Added Alpha Feature Gate —— APISelfSubjectAttributesReview to control whether to enable this feature.

PR#112193 APIServer adds --aggregator-reject-forwarding-redirect flag, Users can set it to false to continue forwarding the redirection response of AA (Aggregated API) Server, the default is true.

PR#113015 You can specify custom resources through the --encryption-provider-config file, and these custom resources can be stored encrypted in etcd .

Response Compression

PR#112299 Based on load testing and production data collected from thousands of production Kubernetes clusters, the community observed that gzip compression in Kubernetes APIServer is currently suboptimal.

ISSUE: kubernetes/kubernetes#112296

PR#112309 Add DisableCompression field in kubeconfig, when set to true, it is required to no longer compress the response.

PR#112580 Add --disable-compression flag in kubectl, when set to true, request no longer compress the response.

Function stability upgrade

Alpha -> Beta

Feature Gate KEP
LegacyServiceAccountTokenNoAutoGeneration KEP-2799 Reduction of Secret-based Service Account Tokens
APIServerIdentity KEP-1965 kube-apiserver identity

Node (Kubelet)

KEP-3063 dynamic resource allocation PR#111023

Add resource.k8s.io/v1alpha1 group and add resources related to dynamic resource allocation under this group: 'ResourceClaim', 'ResourceClass', 'ResourceClaimTemplate', 'PodScheduling'.

Added Alpha Feature Gate —— DynamicResourceAllocation to control whether to enable this feature.

The new API is more flexible than Kubernetes' existing Device Plugins functionality, because it allows Pods to request special types of resources, which can be provided at the node level, cluster level, or according to other modes set by the user.

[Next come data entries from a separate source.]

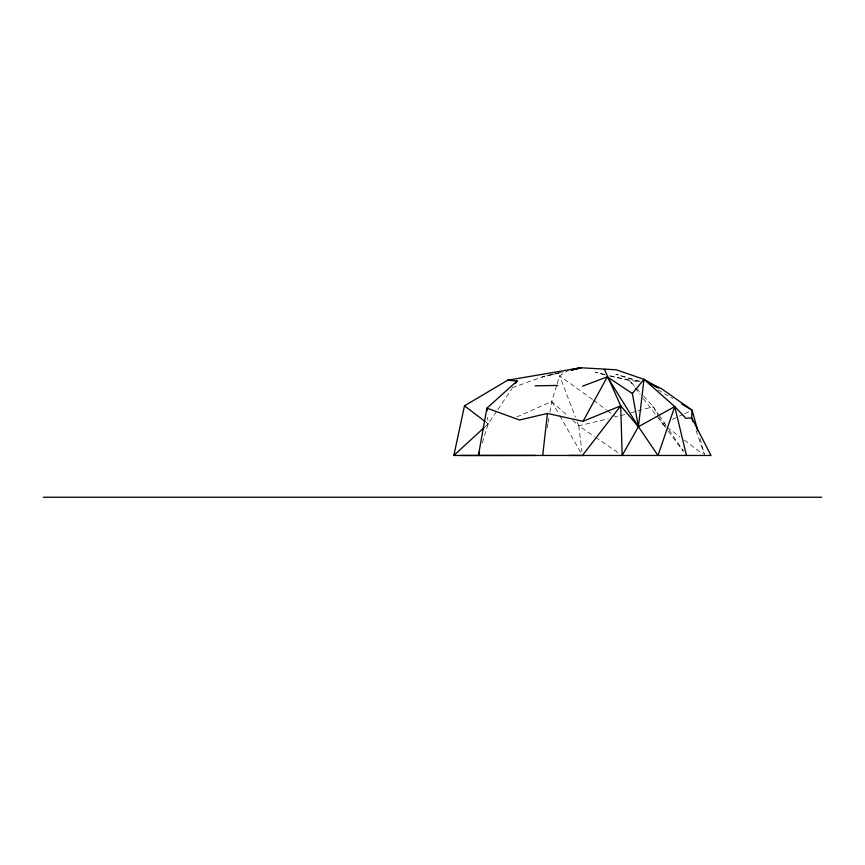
<?xml version="1.0" encoding="UTF-8"?>
<svg xmlns="http://www.w3.org/2000/svg" width="865" height="865" viewBox="0 0 865 865"><rect width="100%" height="100%" fill="white"/><g stroke="black" fill="none" stroke-linecap="round" stroke-linejoin="round"><path stroke-width="0.65" stroke-dasharray="4.33 3.24" d="M547.221 427.764L547.891 423.828M548.118 422.509L549.015 417.254M549.913 412L551.719 401.501L556.833 384.828M557.222 383.552L559.579 375.853L568.435 370.307M482.302 442.837L488.152 423.893L497.072 410.691M497.818 409.588L511.939 388.688M485.211 426.596L488.152 423.893L487.633 417.33M657.065 416.53L662.731 423.937L667.618 421.633M672.505 419.33L683.501 414.151M684.712 413.578L692.043 410.129M516.74 417.006L551.719 401.501L567.743 415.903M512.134 387.725L544.831 376.113L557.73 373.129M544.831 376.113L542.312 376.999L562.91 372.069M624.854 414.508L615.826 416.995L612.636 414.605M631.299 412.735L636.467 411.308M637.754 410.951L653.237 406.691L658.524 414.443M559.287 372.815L550.713 374.913L561.223 372.426M572.749 420.401L578.761 425.796L608.16 418.822M610.312 376.124L638.748 381.919M604.592 374.469L595.401 372.242L605.197 374.945M609.836 375.745L629.525 380.535L635.667 387.315M640.241 381.26L615.88 374.264L638.997 381.616M658.005 389.856L672.754 398.646M577.323 422.055L578.761 425.796L594.341 436.447M595.455 437.203L619.935 453.941M658.935 417.038L662.731 423.937L665.963 426.369M667.034 427.169L679.955 436.868M684.258 440.101L702.564 453.844M592.482 399.446L559.579 375.853L575.409 417.06M593.552 400.246L606.279 409.815M607.338 410.615L611.577 413.805M486.098 422.315L488.152 423.893M636.543 388.288L640.057 392.159M643.571 396.029L653.237 406.691L658.297 415.892M629.525 380.535L634.38 386.893M635.191 387.953L640.046 394.299M643.29 398.538L656.254 415.47M662.731 423.937L667.477 430.24M668.267 431.3L683.285 451.26M659.271 415.557L666.072 425.526M669.088 429.97L683.437 451.033M551.719 401.501L559.06 414.4M559.731 415.578L581.767 454.287M696.033 430.413L704.283 454.212M700.012 438.62L704.359 454.168M578.761 425.796L581.95 451.595"/><path stroke-width="1.3" d="M542.701 455.466L547.448 413.448L583.042 421.331L620.724 405.826L638.413 426.715L658.005 455.466L674.743 406.593L643.993 379.346L616.258 369.798L580.945 367.766L507.69 380.2L464.494 405.815L453.855 455.466L711.008 455.466L691.697 417.892L692.043 410.129L661.39 388.623L650.394 384.082M604.397 369.279L620.724 405.826L622.162 455.466L638.413 426.715L643.993 379.346L658.643 387.639L653.789 385.628M479.578 451.671L478.41 455.466L460.148 455.466M583.042 421.331L607.295 376.859L632.347 393.489L638.413 426.715L674.743 406.593L685.891 418.314L691.697 417.892L692.995 421.644M515.659 383.195L517.151 380.989L507.69 380.2M620.724 405.826L582.426 455.466L569.116 455.423M632.347 393.489L643.993 379.346M453.855 455.466L484.227 427.494M517.151 380.989L486.909 408.15L478.41 455.466L535.738 455.433M582.534 386.201L607.295 376.859L638.413 426.715M571.927 369.917L580.945 367.766L570.932 369.798M571.743 369.939L580.945 367.766L571.916 369.852M547.448 413.448L519.487 419.99L486.909 408.15L487.125 410.767M535.132 385.822L557.774 385.433M43.25 497.234L821.75 497.234M655.94 386.828L658.254 387.758M681.836 404.042L692.043 410.129L697.839 430.857M464.494 405.815L485.07 421.536M674.743 406.593L686.453 455.466"/></g></svg>
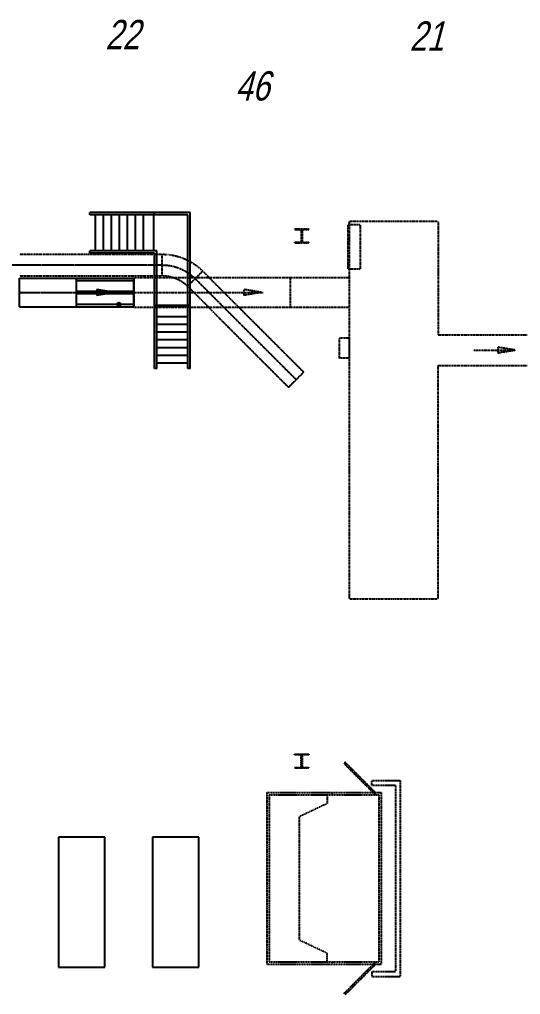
# Model space of a CAD drawing. Header units: millimetres. Extents: x -1732 to 458256, y -4349 to 130988.
# Drawn here: x 88467 to 99160, y 67357 to 88145 of the extents above; entities that cross this region are included whole.
import ezdxf

# ---------------------------------------------------------------- set-up
doc = ezdxf.new("R2010")
doc.units = ezdxf.units.MM
doc.header["$LTSCALE"] = 0.01
doc.header["$MEASUREMENT"] = 0
for name, pattern in [('CENTER', [50.8, 31.75, -6.35, 6.35, -6.35]), ('HIDDEN', [9.525, 6.35, -3.175]), ('PHANTOM', [63.5, 31.75, -6.35, 6.35, -6.35, 6.35, -6.35]), ('PHANTOM2', [31.75, 15.875, -3.175, 3.175, -3.175, 3.175, -3.175])]:
    doc.linetypes.add(name, pattern=pattern)
for name, color, linetype in [('F-E-EQP', 251, 'CONTINUOUS'), ('F-E-EQP-PH2', 251, 'PHANTOM2'), ('NODETEXT', 5, 'CONTINUOUS'), ('NODETEXTOLD', 5, 'CONTINUOUS'), ('S-E-ACI', 251, 'PHANTOM2')]:
    doc.layers.add(name, color=color, linetype=linetype)
doc.styles.add('TEXTXP', font='arial.ttf', dxfattribs={"width": 0.75, "oblique": 15})

msp = doc.modelspace()

# ---------------------------------------------------------------- linework, layer by layer
at = {"layer": 'F-E-EQP'}
for p, q in [((92109.15837, 84028.25727), (89972.16265, 84028.25727)), ((89972.16265, 83978.25737), (89972.16265, 84028.25727)), ((91347.1599, 83978.25737), (91347.1599, 84028.25727)), ((92109.15837, 80703.26392), (92109.15837, 84028.25727)), ((92059.15847, 83978.25737), (89972.16265, 83978.25737)), ((90091.16241, 83216.25889), (90091.16241, 83978.25737)), ((90262.16207, 83216.25889), (90262.16207, 83978.25737)), ((90433.16173, 83216.25889), (90433.16173, 83978.25737)), ((90604.16138, 83216.25889), (90604.16138, 83978.25737)), ((90775.16104, 83216.25889), (90775.16104, 83978.25737)), ((90946.1607, 83216.25889), (90946.1607, 83978.25737)), ((91117.16036, 83216.25889), (91117.16036, 83978.25737)), ((91332.15993, 83216.25889), (91332.15993, 83978.25737)), ((92059.15847, 80703.26392), (92059.15847, 83978.25737)), ((89972.16265, 83166.25899), (89972.16265, 83216.25889)), ((91397.1598, 83216.25889), (89972.16265, 83216.25889)), ((91347.1599, 83166.25899), (89972.16265, 83166.25899)), ((91347.1599, 80703.26392), (91347.1599, 83166.25899)), ((91397.1598, 80703.26392), (91397.1598, 83216.25889)), ((92109.15837, 82048.26123), (91347.1599, 82048.26123)), ((92059.15847, 82023.26128), (91397.1598, 82023.26128)), ((92059.15847, 81808.26171), (91397.1598, 81808.26171)), ((92059.15847, 81643.26204), (91397.1598, 81643.26204)), ((92059.15847, 81478.26237), (91397.1598, 81478.26237)), ((92059.15847, 81313.2627), (91397.1598, 81313.2627)), ((92059.15847, 81148.26303), (91397.1598, 81148.26303)), ((92059.15847, 80983.26336), (91397.1598, 80983.26336)), ((91397.1598, 80703.26392), (91347.1599, 80703.26392)), ((92059.15847, 80818.26369), (91397.1598, 80818.26369)), ((92109.15837, 80703.26392), (92059.15847, 80703.26392)), ((89298.38642, 70713.2839), (89298.38642, 67943.2839)), ((90288.38642, 70713.2839), (89298.38642, 70713.2839)), ((90288.38642, 67943.2839), (90288.38642, 70713.2839)), ((91303.38642, 70713.2839), (91303.38642, 67943.2839)), ((92293.38642, 70713.2839), (91303.38642, 70713.2839)), ((92293.38642, 67943.2839), (92293.38642, 70713.2839)), ((89298.38642, 67943.2839), (90288.38642, 67943.2839)), ((91303.38642, 67943.2839), (92293.38642, 67943.2839))]:
    msp.add_line(p, q, dxfattribs=at)
at = {"layer": 'F-E-EQP', "linetype": 'PHANTOM'}
for p, q in [((95509.49816, 83847.56491), (97401.79816, 83847.56491)), ((95509.49816, 75791.63991), (95509.49816, 83847.56491)), ((97401.79816, 83847.56491), (97401.79816, 81425.03991)), ((95471.39816, 83771.36491), (95738.09816, 83771.36491)), ((95471.39816, 83771.36491), (95471.39816, 82831.56491)), ((95738.09816, 83771.36491), (95738.09816, 82831.56491)), ((88467.15336, 83139.51959), (91515.15336, 83139.51959)), ((91515.15336, 82682.31959), (91515.15336, 83139.51959)), ((92239.07368, 82644.23991), (92377.25795, 82782.42417)), ((92377.25795, 82782.42417), (92515.44221, 82644.23991)), ((95471.39816, 82831.56491), (95738.09816, 82831.56491)), ((88467.15336, 82682.31959), (91515.15336, 82682.31959)), ((90905.74816, 82644.23991), (94252.19816, 82644.23991)), ((90905.74816, 82009.23991), (90905.74816, 82644.23991)), ((90905.74816, 82631.79391), (90905.74816, 82022.19391)), ((94252.19816, 82644.23991), (95509.49816, 82644.23991)), ((94252.19816, 82009.23991), (94252.19816, 82644.23991)), ((90905.74816, 82326.73991), (93666.8695, 82326.73991)), ((93251.73825, 82390.23991), (93251.73825, 82263.23991)), ((93632.73825, 82326.73991), (93251.73825, 82390.23991)), ((93632.73825, 82326.73991), (93251.73825, 82263.23991)), ((90905.74816, 82009.23991), (94252.19816, 82009.23991)), ((94209.23019, 80303.87348), (92503.86377, 82009.23991)), ((94532.51941, 80627.1627), (93150.44221, 82009.23991)), ((94252.19816, 82009.23991), (95509.49816, 82009.23991)), ((95299.65167, 80924.06727), (95299.65167, 81360.09935)), ((95299.65167, 81360.09935), (95501.05696, 81360.09935)), ((95501.05696, 81360.09935), (95501.05696, 80924.06727)), ((97401.79816, 81425.03991), (99300.44816, 81425.03991)), ((98157.87955, 81094.83991), (99055.65475, 81094.83991)), ((98674.65475, 81158.33991), (98674.65475, 81031.33991)), ((99055.65475, 81094.83991), (98674.65475, 81158.33991)), ((99055.65475, 81094.83991), (98674.65475, 81031.33991)), ((95501.05696, 80924.06727), (95299.65167, 80924.06727)), ((97401.79816, 75791.63991), (97401.79816, 80764.63991)), ((97401.79816, 80764.63991), (99300.44816, 80764.63991)), ((94209.23019, 80303.87348), (94532.51941, 80627.1627)), ((95509.49816, 75791.63991), (97401.79816, 75791.63991))]:
    msp.add_line(p, q, dxfattribs=at)
at = {"layer": 'F-E-EQP', "linetype": 'CENTER'}
for p, q in [((88162.35336, 82910.91959), (91515.15336, 82910.91959)), ((92215.61334, 82620.77956), (94370.8748, 80465.51809)), ((88467.34816, 82326.73991), (90905.74816, 82326.73991))]:
    msp.add_line(p, q, dxfattribs=at)
at = {"layer": 'F-E-EQP', "linetype": 'Continuous'}
for p, q in [((88467.34816, 82631.53991), (90905.74816, 82631.53991)), ((88467.34816, 82021.93991), (88467.34816, 82631.53991)), ((89686.54816, 82021.93991), (89686.54816, 82631.53991)), ((89686.54816, 82580.73991), (90905.74816, 82580.73991)), ((90905.74816, 82021.93991), (90905.74816, 82631.53991)), ((89686.54816, 82352.13991), (90905.74816, 82352.13991)), ((90118.34816, 82390.23991), (90118.34816, 82263.23991)), ((90499.34816, 82326.73991), (90118.34816, 82390.23991)), ((90499.34816, 82326.73991), (90118.34816, 82263.23991)), ((89686.54816, 82301.33991), (90905.74816, 82301.33991)), ((88467.34816, 82021.93991), (90905.74816, 82021.93991)), ((89686.54816, 82072.73991), (90905.74816, 82072.73991))]:
    msp.add_line(p, q, dxfattribs=at)
at = {"layer": 'F-E-EQP', "linetype": 'HIDDEN'}
for p, q in [((92053.96873, 82459.13495), (92239.07368, 82644.23991)), ((92515.44221, 82644.23991), (93150.44221, 82009.23991)), ((92503.86377, 82009.23991), (92053.96873, 82459.13495))]:
    msp.add_line(p, q, dxfattribs=at)
at = {"layer": 'F-E-EQP', "linetype": 'Continuous'}
for radius in [38.1, 25.4]:
    msp.add_circle((90588.24816, 82072.73991), radius, dxfattribs=at)
at = {"layer": 'F-E-EQP', "linetype": 'PHANTOM', "extrusion": (0, 0, -1)}
for radius in [1219.2, 762]:
    msp.add_arc((-91515.15336, 81920.31959), radius, 90, 135.000000001, dxfattribs=at)
at = {"layer": 'F-E-EQP', "linetype": 'CENTER', "extrusion": (0, 0, -1)}
msp.add_arc((-91515.15336, 81920.31959), 990.6, 90, 135.000000001, dxfattribs=at)
at = {"layer": 'F-E-EQP-PH2'}
for p, q in [((95418.97268, 72308.28478), (95394.22395, 72283.53604)), ((95394.22395, 72283.53604), (96041.22665, 71636.53334)), ((96065.97539, 71661.28207), (95418.97268, 72308.28478)), ((95989.15801, 71921.28207), (96589.15801, 71921.28207)), ((95989.15801, 71821.28207), (95989.15801, 71921.28207)), ((95989.15801, 71821.28207), (96489.15801, 71821.28207)), ((96489.15801, 71821.28207), (96489.15801, 67844.28207)), ((96589.15801, 71921.28207), (96589.15801, 67744.28207)), ((93749.15801, 71661.28207), (96189.15801, 71661.28207)), ((93749.15801, 71661.28207), (93749.15801, 68004.28207)), ((93799.15801, 71611.28207), (96139.15801, 71611.28207)), ((93799.15801, 71611.28207), (93799.15801, 68054.28207)), ((95032.42128, 71611.28207), (95032.42128, 71428.35756)), ((95150.97539, 71611.28207), (95150.97539, 71661.28207)), ((96041.22665, 71636.53334), (96065.97539, 71661.28207)), ((96065.97539, 71611.28207), (96065.97539, 71661.28207)), ((96139.15801, 71611.28207), (96139.15801, 68054.28207)), ((96189.15801, 71661.28207), (96189.15801, 68004.28207)), ((95032.42128, 71428.35756), (94436.64732, 71147.17376)), ((94436.64732, 71147.17376), (94436.64732, 68518.39039)), ((95032.42128, 68237.20659), (94436.64732, 68518.39039)), ((95032.42128, 68054.28207), (95032.42128, 68237.20659)), ((93749.15801, 68004.28207), (96189.15801, 68004.28207)), ((93799.15801, 68054.28207), (96139.15801, 68054.28207)), ((95150.97539, 68054.28207), (95150.97539, 68004.28207)), ((95394.22395, 67382.02811), (96041.22665, 68029.03081)), ((96065.97539, 68004.28207), (95418.97268, 67357.27937)), ((96041.22665, 68029.03081), (96065.97539, 68004.28207)), ((96065.97539, 68054.28207), (96065.97539, 68004.28207)), ((95989.15801, 67844.28207), (96489.15801, 67844.28207)), ((95989.15801, 67844.28207), (95989.15801, 67744.28207)), ((95989.15801, 67744.28207), (96589.15801, 67744.28207)), ((95418.97268, 67357.27937), (95394.22395, 67382.02811))]:
    msp.add_line(p, q, dxfattribs=at)
at = {"layer": 'S-E-ACI'}
for p, q in [((94339.25635, 83681.09785), (94339.25635, 83666.10169)), ((94339.25635, 83681.09785), (94639.2527, 83681.09785)), ((94339.25635, 83666.10169), (94481.78387, 83666.10169)), ((94481.78387, 83666.10169), (94481.78387, 83396.09766)), ((94496.78003, 83666.10169), (94639.2527, 83666.10169)), ((94496.78003, 83666.10169), (94496.78003, 83396.09766)), ((94639.2527, 83681.09785), (94639.2527, 83666.10169)), ((94339.25635, 83396.09766), (94481.78387, 83396.09766)), ((94339.25635, 83396.09766), (94339.25635, 83381.1015)), ((94339.25635, 83381.1015), (94639.2527, 83381.1015)), ((94496.78003, 83396.09766), (94639.2527, 83396.09766)), ((94639.2527, 83396.09766), (94639.2527, 83381.1015))]:
    msp.add_line(p, q, dxfattribs=at)
msp.add_lwpolyline([(94339.15801, 72181.28207), (94339.15801, 72196.28207), (94481.65801, 72196.28207), (94481.65801, 72466.28207), (94339.15801, 72466.28207), (94339.15801, 72481.28207), (94639.15801, 72481.28207), (94639.15801, 72466.28207), (94496.65801, 72466.28207), (94496.65801, 72196.28207), (94639.15801, 72196.28207), (94639.15801, 72181.28207)], close=True, dxfattribs=at)

# ---------------------------------------------------------------- texts
at = {"layer": 'NODETEXT', "style": 'TEXTXP', "oblique": 15, "width": 0.75}
for s, p in [('22', (90298.06489, 87510.81229)), ('21', (96791.88052, 87479.93615)), ('46', (93069.41455, 86417.67017))]:
    msp.add_text(s, height=625, dxfattribs=at).set_placement(p)
at = {"layer": 'NODETEXTOLD', "style": 'TEXTXP', "oblique": 15, "width": 0.75}
for s, p in [('22', (90298.06489, 87510.81229)), ('21', (96791.88052, 87479.93615)), ('46', (93069.41455, 86417.67017))]:
    msp.add_text(s, height=625, dxfattribs=at).set_placement(p)

doc.saveas('drawing.dxf')

Similarly, the Pod structure also adds corresponding support for dynamic resource allocation.

apiVersion: v1
kind: Pod
spec:
  containers:
    - name: with-resource
      image: busybox
      command: ["sh", "-c", "set && mount && ls -la /dev/"]
      resources:
        claims:
          - name: resource
  resourceClaims:
    - name: resource
      source:
        resourceClaimName: shared-claim
        # resourceClaimTemplateName: test-inline-claim-template

KEP-3545 Improved multi-numa alignment in Topology Manager PR#112914

This feature better handles NUMA (Non-Uniform Memory Access) nodes by optimizing the TopologyManager.

Add a new configurable item topologyManagerPolicyOptions field and --topology-manager-policy-options flag to set additional configuration for Topology Manager Policy.

And add three Alpha feature gates to control the configuration of Topology Manager Policy:

  • TopologyManagerPolicyOptions
  • TopologyManagerPolicyAlphaOptions
  • TopologyManagerPolicyBetaOptions

TopologyManagerPolicyOptions controls whether the TopologyManagerPolicyOptions feature is supported, and the other two are used to control whether the Alpha and Beta level Options of TopologyManagerPolicy can be set respectively.

Of course, to use the TopologyManager function, you need to enable the TopologyManager Feature Gate, but the Feature Gate is already in the Beta stage and does not need to be actively set.

KEP-3386 Kubelet Evented PLEG for Better Performance PR#111384

This feature allows kubelet to reduce periodic polling by relying as much as possible on notifications from the Container Runtime Interface (CRI) when tracking Pod status in a node, which reduces kubelet's CPU usage

Added Alpha Feature Gate —— EventedPLEG to control whether to enable this feature.

PR#86139 In past versions, when using httpGet in container preStop and postStart lifecycle callbacks, Even if the schemes are set to HTTPS, http is still used to access, and the headers set by the user will not be applied in the setting request.

lifecycle:
  postStart:
    httpGet:
      port: 443
      scheme: HTTPS
    httpHandlers:
      - name: HEADER
        value: VALUE

This PR fixes these problems, and when the https access is abnormal, it will fall back to the http request. When the fallback occurs, A LifecycleHTTPFallback event is created for the Pod and the kubelet_lifecycle_handler_http_fallbacks_total metric is updated.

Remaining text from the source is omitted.